The region divides broadly into a handful of distinct areas, each with its own character and price level. Below is a guide to the ones that attract most interest from overseas buyers.

The Mani

The Mani peninsula is the long finger of land that points south into the Mediterranean between the gulfs of Messinia and Lakonia. It’s dramatic country – bare rock, ancient olive trees, fortified villages and a coastline that swings between shingle coves and open sea. Writer Patrick Leigh Fermor settled here in the 1960s, building a house above the sea at Kalamitsi with his wife Joan. The house is now run by the Benaki Museum and open for tours; it’s become a draw for visitors in its own right.

Kardamyli, the village just up the coast, is the most well-known part of the western Mani and gets busy in summer. If you want somewhere quieter, the Lakonian (eastern) Mani – Areopoli, Gytheio, the deep south villages of Vathia and Gerolimenas – still has that sense of being on the edge of somewhere. The landscape is harsher, the villages smaller and the prices noticeably lower.

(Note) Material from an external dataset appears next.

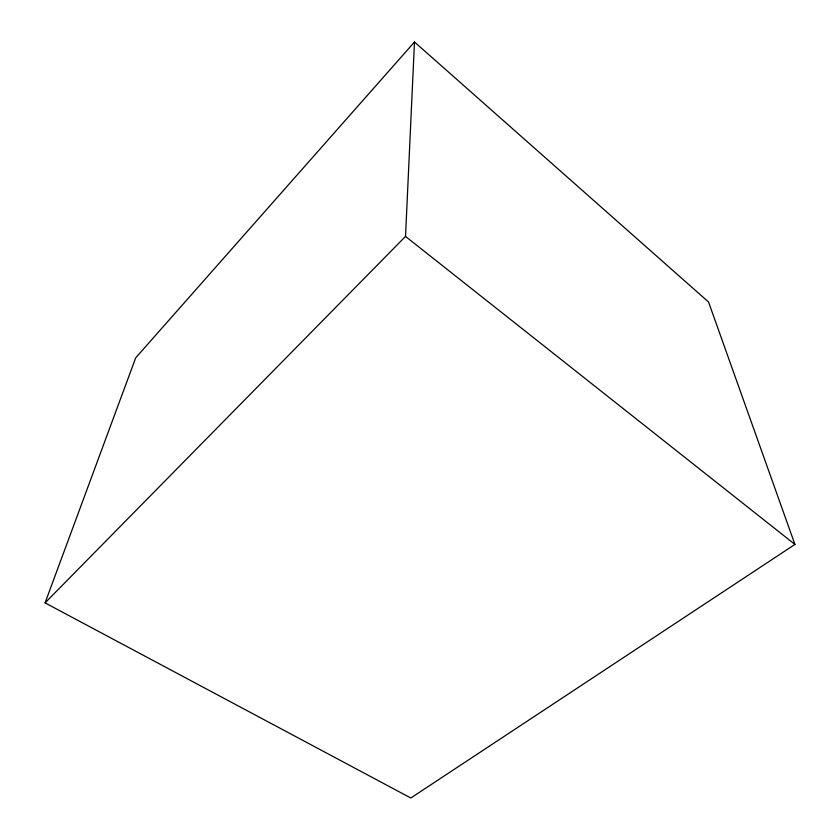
<?xml version="1.0" encoding="UTF-8"?>
<svg xmlns="http://www.w3.org/2000/svg" width="840" height="840" viewBox="0 0 840 840"><rect width="100%" height="100%" fill="white"/><g stroke="black" fill="none" stroke-linecap="round" stroke-linejoin="round"><path stroke-width="1.26" d="M45.077 602.879L405.52 236.418L414.488 42L708.54 302.001L794.924 544.425L410.823 798L45.077 602.879L135.691 357.851L414.488 42M405.52 236.418L794.924 544.425"/></g></svg>

The Mani’s stone tower houses are what draw many buyers here. These tall, square structures were originally built for defence, and some date back centuries. A renovation project in the Lakonian Mani – a roofless or partially derelict tower – will typically ask €120,000-€250,000 (approximately £102,000-£212,000). Restored examples in good condition start at around €300,000, and the top end of the market for a fully renovated tower with sea views can reach well over €1 million.

Traditional stone village houses offer more choice at more accessible prices. Liveable properties in the Lakonian Mani often ask €85,000-€120,000 (£72,000-£102,000); in the western Mani villages, which attract more international interest, expect to pay €120,000-€350,000 for comparable quality. Newly built stone maisonettes – a popular option for buyers who want the Mani look without the renovation project – range widely, with prices in the western Mani running €350,000 upwards and going considerably higher for premium sea-view developments.

One practical note: much of the Mani falls within designated traditional settlements, which means renovation permits can take six to 12 months and come with strict rules on materials and finishes. If you’re looking at anything that needs significant work, factor that into your planning from the start.

Gytheio

Gytheio is a working coastal town rather than a holiday resort, and it’s a better place to live for it. The harbour is active, the promenade has good tavernas and the town has enough going on that you won’t feel isolated in winter. It’s also the main gateway to the southern Mani, with easy access to beaches, walking trails and the Diros caves.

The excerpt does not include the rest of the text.